While some statutes have been enacted at the state and federal levels regarding digital assets, the rise in popularity of cryptocurrencies demonstrates the need for even stronger and more concrete regulations in this online market. Cryptocurrencies have been defined as “web-based, peer-to-peer payment systems that rely on cryptography.”41 This form of currency functions as “a digital unit of exchange that is not backed by a government-issued legal tender.”42 Cryptocurrencies “are computer files tendered as a form of payment for real goods and services.”43 “Cryptocurrencies are created by mining,” which is essentially “solving automatically generated mathematical puzzles.”44 Mining may be defined as “the competitive process of collecting transactions and adding them to the blockchain in the form of blocks.”45 “Blockchain is a sequence of blocks, which holds the complete record of transactions (a public ledger) indicating the order in which the transaction occurred.”46

Bitcoin, created by a person/group identified pseudonymously as Satoshi Nakamoto, is the most dominant cryptocurrency and started the trend towards utilizing and investing in cryptocurrency.47 The appeal of bitcoin and other cryptocurrencies is that they eliminate the middleman and allow “online payments to be sent directly from one party to another without going through a financial institution.”48 The creation of bitcoin coincided with the 2008 global financial crisis, so it is frequently suggested that bitcoin is a direct result of citizen distrust in government institutions and banks.49 Because the mining system is run by a decentralized network of computers and not by a single company or person, people instilled trust in bitcoin.50 Bitcoin records are stored on every computer, including balances and transactions.51 This storage helps “maintain the network¬—about 9,500 computers in late 2017.”52 Cryptocurrencies have many potential advantages over cash money that justify their creation: they can be cheap payment methods, and are trustworthy, decentralized, and anonymous.53 Additionally, cryptocurrencies eliminate expensive transaction fees (with no middleman),54 are faster because there is no need for verification of available funds by a bank,55 and protect merchants against disputed or fraudulent chargebacks (due to the irreversibility of the transactions).56

IV. Current State and Federal Regulations

Many view the right to privacy as encompassing the right to have personal information remain undisclosed unless otherwise granted.57 Some states are starting to recognize the problems posed by the uncertainty regarding privacy rights in digital death.58 Additionally, some legislation has passed at the federal level in order to deal with the impact of internet communications. As stated previously, Congress passed the SCA in 1986 as part of the Electronic Communications Privacy Act in order to deal with the impact of internet communications on privacy concerns posited by the Fourth Amendment.

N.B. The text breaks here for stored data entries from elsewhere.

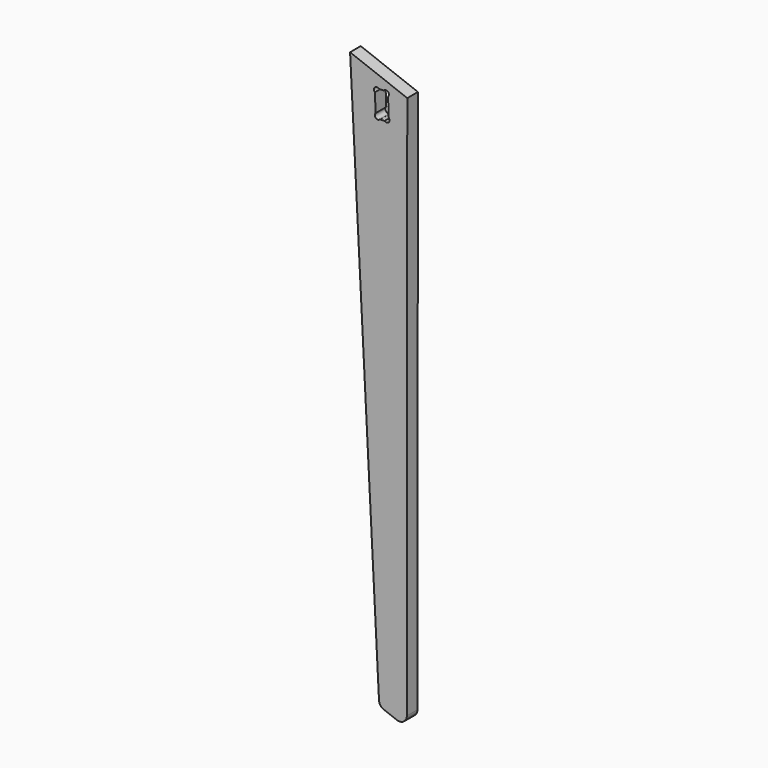
from build123d import *

# Parameters (mm, degrees)
F0_R     = 3
F1_DEPTH = 18
F2_DEPTH = 14


# Not quite as in the source:
# - ends of sketch curves that miss each other by under 0.0002 mm in the source are joined


with BuildPart() as f1:
    # F0 (on Front) → F1 (new body)
    with BuildSketch(Plane.XZ):
        with BuildLine():
            Line((-42.3895305789, -243.8882939158), (-24.7354158314, -250.6203213983))
            ThreePointArc((-24.7354158314, -250.6203213983), (-15.5028330705, -249.5140993631), (-11.1723924415, -241.2853938543))
            Line((-11.1723924415, -241.2853938543), (-10.5257942379, 495.2740080398))
            Line((-10.5257942379, 495.2740080398), (-87.9671722006, 524.8046568947))
            Line((-87.9671722006, 524.8046568947), (-48.8132548023, -235.0591811233))
            ThreePointArc((-48.8132548023, -235.0591811233), (-46.9127527413, -240.4278329279), (-42.3895305789, -243.8882939158))
        make_face()
        with Locations((-27.881012126, -192.8539189117)):
            Circle(F0_R, mode=Mode.SUBTRACT)
        with Locations((-30.5399937075, -49.059701124)):
            Circle(F0_R, mode=Mode.SUBTRACT)
        with Locations((-35.8245981399, 119.2769033151)):
            Circle(F0_R, mode=Mode.SUBTRACT)
        with Locations((-37.6148353963, 326.2889456799)):
            Circle(F0_R, mode=Mode.SUBTRACT)
        with BuildLine():
            ThreePointArc((-35.8713849562, 463.9863896495), (-35.6237850386, 458.3139596858), (-41.2978981422, 458.1085140717))
            Line((-41.2978981422, 458.1085140717), (-47.5773687005, 457.9045057833))
            ThreePointArc((-47.5773687005, 457.9045057833), (-53.2508540354, 457.7393262229), (-53.3777836629, 463.4137960782))
            Line((-53.3777836629, 463.4137960782), (-54.3935717097, 487.9983330149))
            ThreePointArc((-54.3935717097, 487.9983330149), (-54.636241933, 493.6693642066), (-48.9636796908, 493.8731318846))
            Line((-48.9636796908, 493.8731318846), (-42.2828997396, 494.0973559272))
            ThreePointArc((-42.2828997396, 494.0973559272), (-36.6071005964, 494.2603360531), (-36.4869165759, 488.5834695431))
            Line((-36.4869165759, 488.5834695431), (-35.8713849562, 463.9863896495))
        make_face(mode=Mode.SUBTRACT)
        with Locations((-43.7681841537, 431.407725542)):
            Circle(F0_R, mode=Mode.SUBTRACT)
        with Locations((-23.2091454593, 473.1308742023)):
            Circle(F0_R, mode=Mode.SUBTRACT)
        with Locations((-43.7681841537, 431.407725542)):
            Circle(F0_R)
        with Locations((-23.2091454593, 473.1308742023)):
            Circle(F0_R)
        with Locations((-37.6148353963, 326.2889456799)):
            Circle(F0_R)
        with Locations((-35.8245981399, 119.2769033151)):
            Circle(F0_R)
        with Locations((-27.881012126, -192.8539189117)):
            Circle(F0_R)
        with Locations((-30.5399937075, -49.059701124)):
            Circle(F0_R)
    extrude(amount=F1_DEPTH)

    # F0 (on Front) → F2 (cut)
    with BuildSketch(Plane.XZ):
        with Locations((-43.7681841537, 431.407725542)):
            Circle(F0_R)
        with Locations((-23.2091454593, 473.1308742023)):
            Circle(F0_R)
        with Locations((-37.6148353963, 326.2889456799)):
            Circle(F0_R)
        with Locations((-35.8245981399, 119.2769033151)):
            Circle(F0_R)
        with Locations((-27.881012126, -192.8539189117)):
            Circle(F0_R)
        with Locations((-30.5399937075, -49.059701124)):
            Circle(F0_R)
    extrude(amount=F2_DEPTH, mode=Mode.SUBTRACT)


solid = f1.part
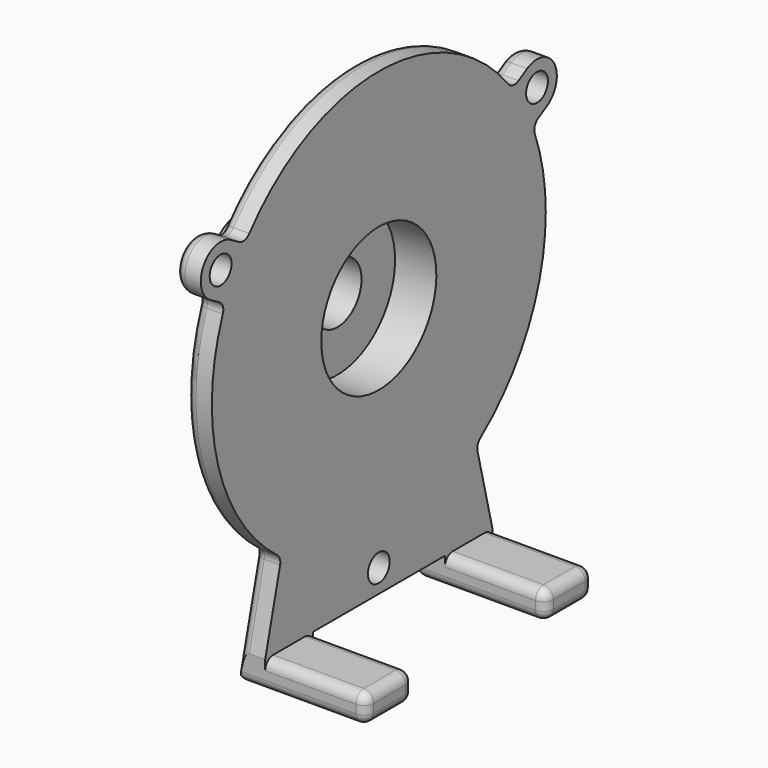
from build123d import *

# Parameters (mm, degrees)
F2_R          = 2.75
F3_DEPTH      = 5.2
F4_DEPTH      = 5.2
F5_DEPTH      = 5.2
F2_W          = 12
F2_H          = 5.7
F6_DEPTH      = 20.28
F6_DEPTH_BACK = 5.2
F7_T1_DEPTH   = 5.2
F7_T3_DEPTH   = 1.7
F7_T5_DEPTH   = 18.28
F7_T7_DEPTH   = 8
F7_T9_DEPTH   = 8
F7_T11_DEPTH  = 28.48
F7_T13_DEPTH  = 22
F7_T15_DEPTH  = 22
F7_S19_W      = 2.04
F7_S19_H      = 2.04
F7_T20_DEPTH  = 2.04
F7_S25_W      = 2.04
F7_S25_H      = 2.04
F7_T26_DEPTH  = 2.04
F7_S31_W      = 2.04
F7_S31_H      = 2.04
F7_T32_DEPTH  = 2.04
F7_S37_W      = 2.04
F7_S37_H      = 2.04
F7_T38_DEPTH  = 2.04
F7_S43_W      = 2.04
F7_S43_H      = 2.04
F7_T44_DEPTH  = 2.04
F7_S49_W      = 2.04
F7_S49_H      = 2.04
F7_T50_DEPTH  = 2.04
F7_S55_W      = 2.04
F7_S55_H      = 2.04
F7_T56_DEPTH  = 2.04
F7_S61_W      = 2.04
F7_S61_H      = 2.04
F7_T62_DEPTH  = 2.04
F7_T69_DEPTH  = 2.5190996878
F7_T71_DEPTH  = 2.5190996878
F7_T73_DEPTH  = 24.1890808372
F7_T75_DEPTH  = 24.1890808372
F7_T77_DEPTH  = 2.5190996878
F7_T79_DEPTH  = 2.5190996878
F7_T82_ANGLE  = 73.3925557793
F7_T84_ANGLE  = 101.7336044326
F7_T86_ANGLE  = 180
F7_T88_ANGLE  = 73.3925557793
F7_T90_ANGLE  = 180
F7_T92_ANGLE  = 80.8668022163
F7_T94_ANGLE  = 80.8668022163
F7_T96_ANGLE  = 66.3959416665
F7_T98_ANGLE  = 66.3959416665
F7_T100_ANGLE = 80.8668022163
F7_T102_ANGLE = 80.8668022163


# Not quite as in the source:
# - a fillet or chamfer that OpenCascade refuses, or shapes differently, is made with other operations: its cross-section is extruded or revolved along the edge and cut away or added


with BuildPart() as f1:
    # F0 (on Front) → F1 (revolve)
    with BuildSketch(Plane.XZ):
        Polygon((0, 14.51), (0, 42.1), (-5.2, 42.1), (-5.2, 20), (-10.9, 20), (-10.9, 8.925), (-28.3, 8.925), (-28.3, 6.05), (-8.33, 6.05), (-8.33, 14.51), align=None)
    revolve(axis=Axis((-6.4437054098, 0, 0), (1, 0, 0)))

    # F2 (on Right) → F3 (join, through all)
    with BuildSketch(Plane.YZ):
        with BuildLine():
            ThreePointArc((-38.7016228918, 16.5708897028), (-36.4596694993, 21.05), (-33.7016228918, 25.2311437406))
            Line((-33.7016228918, 25.2311437406), (-37.3891300983, 27.3601270189))
            ThreePointArc((-37.3891300983, 27.3601270189), (-44.2192571172, 25.53), (-42.3891300983, 18.6998729811))
            Line((-42.3891300983, 18.6998729811), (-38.7016228918, 16.5708897028))
        make_face()
        with Locations((-39.8891300983, 23.03)):
            Circle(F2_R, mode=Mode.SUBTRACT)
    extrude(amount=-F3_DEPTH)

    # F2 (on Right) → F4 (join, through all)
    with BuildSketch(Plane.YZ):
        with BuildLine():
            Line((38.7016228918, 16.5708897028), (42.3891300983, 18.6998729811))
            ThreePointArc((42.3891300983, 18.6998729811), (44.2192571172, 25.53), (37.3891300983, 27.3601270189))
            Line((37.3891300983, 27.3601270189), (33.7016228918, 25.2311437406))
            ThreePointArc((33.7016228918, 25.2311437406), (36.4596694993, 21.05), (38.7016228918, 16.5708897028))
        make_face()
        with Locations((39.8891300983, 23.03)):
            Circle(F2_R, mode=Mode.SUBTRACT)
    extrude(amount=-F4_DEPTH)

    # F2 (on Right) → F5 (join, through all)
    with BuildSketch(Plane.YZ):
        with BuildLine():
            ThreePointArc((24.57, -34.1866216523), (0, -42.1), (-24.57, -34.1866216523))
            Line((-24.57, -34.1866216523), (-28.65, -50.71))
            Line((-28.65, -50.71), (-16.65, -50.71))
            Line((-16.65, -50.71), (16.65, -50.71))
            Line((16.65, -50.71), (28.65, -50.71))
            Line((28.65, -50.71), (24.57, -34.1866216523))
        make_face()
        with Locations((0, -46.06)):
            Circle(F2_R, mode=Mode.SUBTRACT)
    extrude(amount=-F5_DEPTH)

    # F2 (on Right) → F6 (join, two sides)
    with BuildSketch(Plane.YZ) as f6_sk:
        with Locations((-22.65, -53.56)):
            Rectangle(F2_W, F2_H)
        with Locations((22.65, -53.56)):
            Rectangle(F2_W, F2_H)
    extrude(amount=F6_DEPTH)
    extrude(f6_sk.sketch, amount=-F6_DEPTH_BACK)

    # F7: fillet of radius 2 on 39 edges, made by hand

    # F7_s2 → F7_t1 (join)
    with BuildSketch(Plane.YZ.offset(-5.2)):
        with BuildLine():
            ThreePointArc((-32.6561640609, 26.5703772804), (-33.8453407807, 25.8656958459), (-35.207525774, 26.100577175))
            Line((-35.207525774, 26.100577175), (-33.7016228918, 25.2311437406))
            ThreePointArc((-33.7016228918, 25.2311437406), (-33.1856498947, 25.9060348387), (-32.6561640609, 26.5703772804))
        make_face()
        with BuildLine():
            ThreePointArc((-40.207525774, 17.4403231372), (-39.3230200794, 16.3780769929), (-39.3387037435, 14.9958790267))
            ThreePointArc((-39.3387037435, 14.9958790267), (-39.028109229, 15.7865984306), (-38.7016228918, 16.5708897028))
            Line((-38.7016228918, 16.5708897028), (-40.207525774, 17.4403231372))
        make_face()
        with BuildLine():
            ThreePointArc((32.6561640609, 26.5703772804), (33.8453407807, 25.8656958459), (35.207525774, 26.100577175))
            Line((35.207525774, 26.100577175), (33.7016228918, 25.2311437406))
            ThreePointArc((33.7016228918, 25.2311437406), (33.1856498947, 25.9060348387), (32.6561640609, 26.5703772804))
        make_face()
        with BuildLine():
            ThreePointArc((39.3387037435, 14.9958790267), (39.3230200794, 16.3780769929), (40.207525774, 17.4403231372))
            Line((40.207525774, 17.4403231372), (38.7016228918, 16.5708897028))
            ThreePointArc((38.7016228918, 16.5708897028), (39.028109229, 15.7865984306), (39.3387037435, 14.9958790267))
        make_face()
        with BuildLine():
            ThreePointArc((24.8889675585, -35.4783916643), (24.9433690993, -34.3370017965), (25.6138407126, -33.4116920246))
            ThreePointArc((25.6138407126, -33.4116920246), (25.0949117582, -33.8031862973), (24.57, -34.1866216523))
            Line((24.57, -34.1866216523), (24.8889675585, -35.4783916643))
        make_face()
        with BuildLine():
            ThreePointArc((-25.6138407126, -33.4116920246), (-24.9433690993, -34.3370017965), (-24.8889675585, -35.4783916643))
            Line((-24.8889675585, -35.4783916643), (-24.57, -34.1866216523))
            ThreePointArc((-24.57, -34.1866216523), (-25.0949117582, -33.8031862973), (-25.6138407126, -33.4116920246))
        make_face()
    extrude(amount=F7_T1_DEPTH)

    # F7_s4 → F7_t3 (cut)
    with BuildSketch(Plane.XY.offset(-54.41)):
        with BuildLine():
            ThreePointArc((18.28, -28.65), (19.6942135624, -28.0642135624), (20.28, -26.65))
            Line((20.28, -26.65), (20.28, -28.65))
            Line((20.28, -28.65), (18.28, -28.65))
        make_face()
        with BuildLine():
            ThreePointArc((18.28, -16.65), (19.6942135624, -17.2357864376), (20.28, -18.65))
            Line((20.28, -18.65), (20.28, -16.65))
            Line((20.28, -16.65), (18.28, -16.65))
        make_face()
        with BuildLine():
            ThreePointArc((18.28, 16.65), (19.6942135624, 17.2357864376), (20.28, 18.65))
            Line((20.28, 18.65), (20.28, 16.65))
            Line((20.28, 16.65), (18.28, 16.65))
        make_face()
        with BuildLine():
            ThreePointArc((18.28, 28.65), (19.6942135624, 28.0642135624), (20.28, 26.65))
            Line((20.28, 26.65), (20.28, 28.65))
            Line((20.28, 28.65), (18.28, 28.65))
        make_face()
    extrude(amount=F7_T3_DEPTH, mode=Mode.SUBTRACT)

    # F7_s6 → F7_t5 (cut)
    with BuildSketch(Plane.YZ):
        with BuildLine():
            ThreePointArc((-28.65, -52.71), (-28.0642135624, -51.2957864376), (-26.65, -50.71))
            Line((-26.65, -50.71), (-28.65, -50.71))
            Line((-28.65, -50.71), (-28.65, -52.71))
        make_face()
        with BuildLine():
            ThreePointArc((-16.65, -52.71), (-17.2357864376, -51.2957864376), (-18.65, -50.71))
            Line((-18.65, -50.71), (-16.65, -50.71))
            Line((-16.65, -50.71), (-16.65, -52.71))
        make_face()
        with BuildLine():
            ThreePointArc((16.65, -52.71), (17.2357864376, -51.2957864376), (18.65, -50.71))
            Line((18.65, -50.71), (16.65, -50.71))
            Line((16.65, -50.71), (16.65, -52.71))
        make_face()
        with BuildLine():
            ThreePointArc((28.65, -52.71), (28.0642135624, -51.2957864376), (26.65, -50.71))
            Line((26.65, -50.71), (28.65, -50.71))
            Line((28.65, -50.71), (28.65, -52.71))
        make_face()
    extrude(amount=F7_T5_DEPTH, mode=Mode.SUBTRACT)

    # F7_s8 → F7_t7 (cut)
    with BuildSketch(Plane.XZ.offset(18.65)):
        with BuildLine():
            ThreePointArc((18.28, -50.71), (19.6942135624, -51.2957864376), (20.28, -52.71))
            Line((20.28, -52.71), (20.28, -50.71))
            Line((20.28, -50.71), (18.28, -50.71))
        make_face()
        with BuildLine():
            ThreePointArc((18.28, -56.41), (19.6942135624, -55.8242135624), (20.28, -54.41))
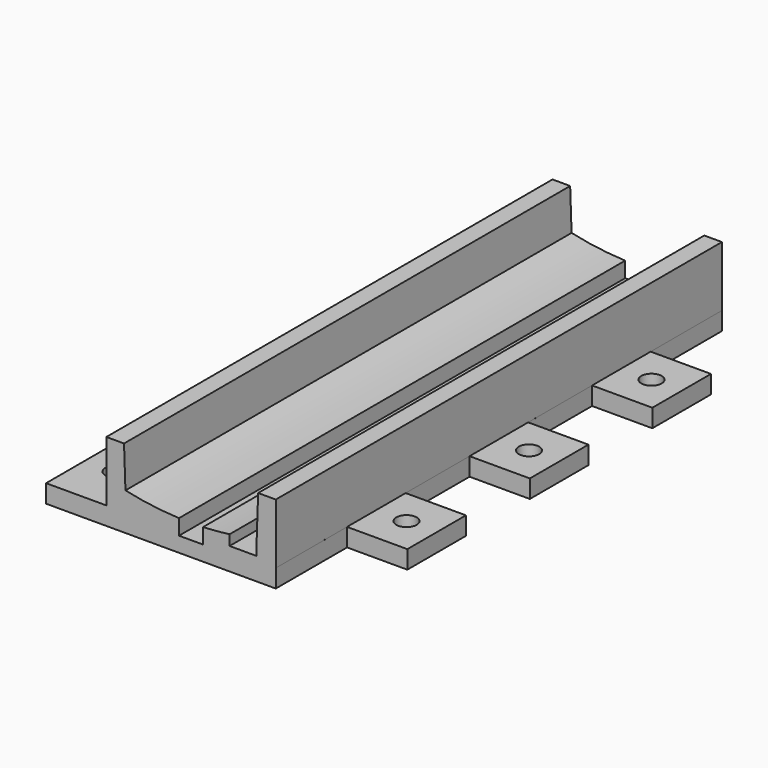
from build123d import *

# Parameters (mm, degrees)
F1_DEPTH = 185
F3_DEPTH = 30
F2_W     = 10
F2_H     = 12.7
F2_W_2   = 20
F2_H_2   = 29.6450595204
F2_H_3   = 26.5
F2_H_4   = 30.8181657076
F4_DEPTH = 25
F5_D     = 6.7564


# Not quite as in the source:
# - a feature names something its author has since deleted; it is built from what else it names


with BuildPart() as f1:
    # F0 (on Front) → F1 (new body)
    with BuildSketch(Plane.XZ):
        with BuildLine():
            Line((-28.0998, -84.153), (-28.0998, -96.0750292217))
            ThreePointArc((-28.0998, -96.0750292217), (-24.948943425, -96.9410141373), (-21.7715, -97.7036938286))
            Line((-21.7715, -97.7036938286), (-22.2458, -84.153))
            Line((-22.2458, -84.153), (-28.0998, -84.153))
        make_face()
        with BuildLine():
            ThreePointArc((-21.7715, -97.7036938286), (-24.948943425, -96.9410141373), (-28.0998, -96.0750292217))
            Line((-28.0998, -96.0750292217), (-28.0998, -104.153))
            Line((-28.0998, -104.153), (-48.0998, -104.153))
            Line((-48.0998, -104.153), (-48.0998, -110.153))
            Line((-48.0998, -110.153), (0, -110.153))
            Line((0, -110.153), (48.0998, -110.153))
            Line((48.0998, -110.153), (48.0998, -104.153))
            Line((48.0998, -104.153), (28.0998, -104.153))
            Line((28.0998, -104.153), (28.0998, -96.0750292217))
            ThreePointArc((28.0998, -96.0750292217), (24.948943425, -96.9410141373), (21.7715, -97.7036938286))
            Line((21.7715, -97.7036938286), (21.7715, -102.7036938286))
            Line((21.7715, -102.7036938286), (12.7715, -102.7036938286))
            Line((12.7715, -102.7036938286), (12.7715, -99.2819157135))
            ThreePointArc((12.7715, -99.2819157135), (8.3938675756, -99.747446018), (4, -100.0200479904))
            Line((4, -100.0200479904), (4, -105.1526938286))
            Line((4, -105.1526938286), (-4, -105.1526938286))
            Line((-4, -105.1526938286), (-4, -100.0200479904))
            ThreePointArc((-4, -100.0200479904), (-12.9376940454, -99.2603952883), (-21.7715, -97.7036938286))
        make_face()
        with BuildLine():
            ThreePointArc((21.7715, -97.7036938286), (24.948943425, -96.9410141373), (28.0998, -96.0750292217))
            Line((28.0998, -96.0750292217), (28.0998, -84.153))
            Line((28.0998, -84.153), (22.2458, -84.153))
            Line((22.2458, -84.153), (21.7715, -97.7036938286))
        make_face()
        with BuildLine():
            Line((21.7715, -102.7036938286), (21.7715, -97.7036938286))
            ThreePointArc((21.7715, -97.7036938286), (17.289517296, -98.5955505673), (12.7715, -99.2819157135))
            Line((12.7715, -99.2819157135), (12.7715, -102.7036938286))
            Line((12.7715, -102.7036938286), (21.7715, -102.7036938286))
        make_face()
    extrude(amount=-F1_DEPTH)

    # F0 (on Front) → F3 (cut)
    with BuildSketch(Plane.XZ):
        with BuildLine():
            Line((21.7715, -102.7036938286), (21.7715, -97.7036938286))
            ThreePointArc((21.7715, -97.7036938286), (17.289517296, -98.5955505673), (12.7715, -99.2819157135))
            Line((12.7715, -99.2819157135), (12.7715, -102.7036938286))
            Line((12.7715, -102.7036938286), (21.7715, -102.7036938286))
        make_face()
    extrude(amount=-F3_DEPTH, mode=Mode.SUBTRACT)

    # F2 (on face) → F4 (cut)
    with BuildSketch(Plane.XY.offset(-104.153)):
        Polygon((-48.0998, 29), (-38.0998, 29), (-38.0998, 41.7), (-38.0998, 54.4), (-48.0998, 54.4), align=None)
        with Locations((-33.0998, 35.35)):
            Rectangle(F2_W, F2_H)
        Polygon((-48.0998, 105.2), (-48.0998, 79.8), (-38.0998, 79.8), (-38.0998, 92.5), (-38.0998, 105.2), align=None)
        with Locations((-33.0998, 86.15)):
            Rectangle(F2_W, F2_H)
        Polygon((-48.0998, 156), (-48.0998, 130.6), (-38.0998, 130.6), (-38.0998, 143.3), (-38.0998, 156), align=None)
        with Locations((-33.0998, 136.95)):
            Rectangle(F2_W, F2_H)
        with Locations((-33.0998, 48.05)):
            Rectangle(F2_W, F2_H)
        with Locations((-33.0998, 98.85)):
            Rectangle(F2_W, F2_H)
        with Locations((-33.0998, 149.65)):
            Rectangle(F2_W, F2_H)
        with Locations((38.1002, 14.7274702398)):
            Rectangle(F2_W_2, F2_H_2)
        with Locations((38.1002, 67.1)):
            Rectangle(F2_W_2, F2_H_3)
        with Locations((38.1002, 117.9)):
            Rectangle(F2_W_2, F2_H_3)
        with Locations((38.1002, 170.8590828538)):
            Rectangle(F2_W_2, F2_H_4)
    extrude(amount=-F4_DEPTH, mode=Mode.SUBTRACT)

    # F5 (through all)
    with Locations(Plane.XY.offset(-104.153)):
        with Locations((-38.0998, 67.1), (-38.0998, 16.3), (-38.0998, 117.9), (-38.0998, 168.7), (38.1002, 92.5), (38.1002, 143.3), (38.1002, 41.7)):
            Hole(F5_D / 2)


solid = f1.part

In 1986, Congress also passed the Computer Fraud and Abuse Act (CFAA) to impose both criminal and civil liability upon anyone who “intentionally accesses a computer without authorization or exceeds authorized access” and obtains information from any “protected computer.”59

Additionally, all 50 states have statutes criminalizing “unauthorized access” or “hacking” of computers/computer systems.60 Determination of whether a fiduciary possesses legal authority for the purpose of the CFAA and state counterparts depends on two questions: 1) “[d]oes the fiduciary have clear legal authority to access the computer or digital assets of the decedent or incapacitated individual?;” and 2) “[i]f the computer system or digital asset is subject to the terms and conditions of a [Term of Service Agreement] TOSA, does the fiduciary’s access violate the terms of that TOSA?”61 Even “a fiduciary with ostensible legal authority may still violate the CFAA if the fiduciary’s access violates the terms of the TOSA.”62

The “original” UFADAA was approved in 2014 and subsequently introduced in approximately 27 states.63 UFADAA, however, nearly completely failed, and “representatives from the [Uniform Law Commission] and the digital provider industry entered into negotiations to discuss a compromise, the result of which was RUFADAA.”64 The final draft was formally approved in July 2015, and “[u]nlike the original UFADAA, which granted fiduciaries presumptive authority to access digital assets, RUFADAA places great emphasis upon whether the deceased or incapacitated user expressly consented to the disclosure of the content of the digital assets.”65 This express consent could be granted through “an ‘online tool’ or an express grant of authority in the user’s estate planning documents or power of attorney.”66 In this manner, “RUFADAA respects the concept of ‘lawful consent’ under the SCA, and, unlike UFADAA, does not attempt to impute such lawful consent to the fiduciary.”67

V. What Can Practitioners Do?

While a country full of booming technology is praised for advancing its citizens at rapid rates, it creates problems in a legal system that can be slow to progress. In regards to virtual currency and cryptocurrency, individuals should push the legislature to develop more useful regulations for dealing with these digital assets upon death. Developments in this realm have included clarification of cryptocurrency’s treatment under the Bank Secrecy Act (BSA),68 state money transmitter laws,69 federal securities laws,70 and federal tax laws.71 While these regulations are important and necessary, more needs to be done.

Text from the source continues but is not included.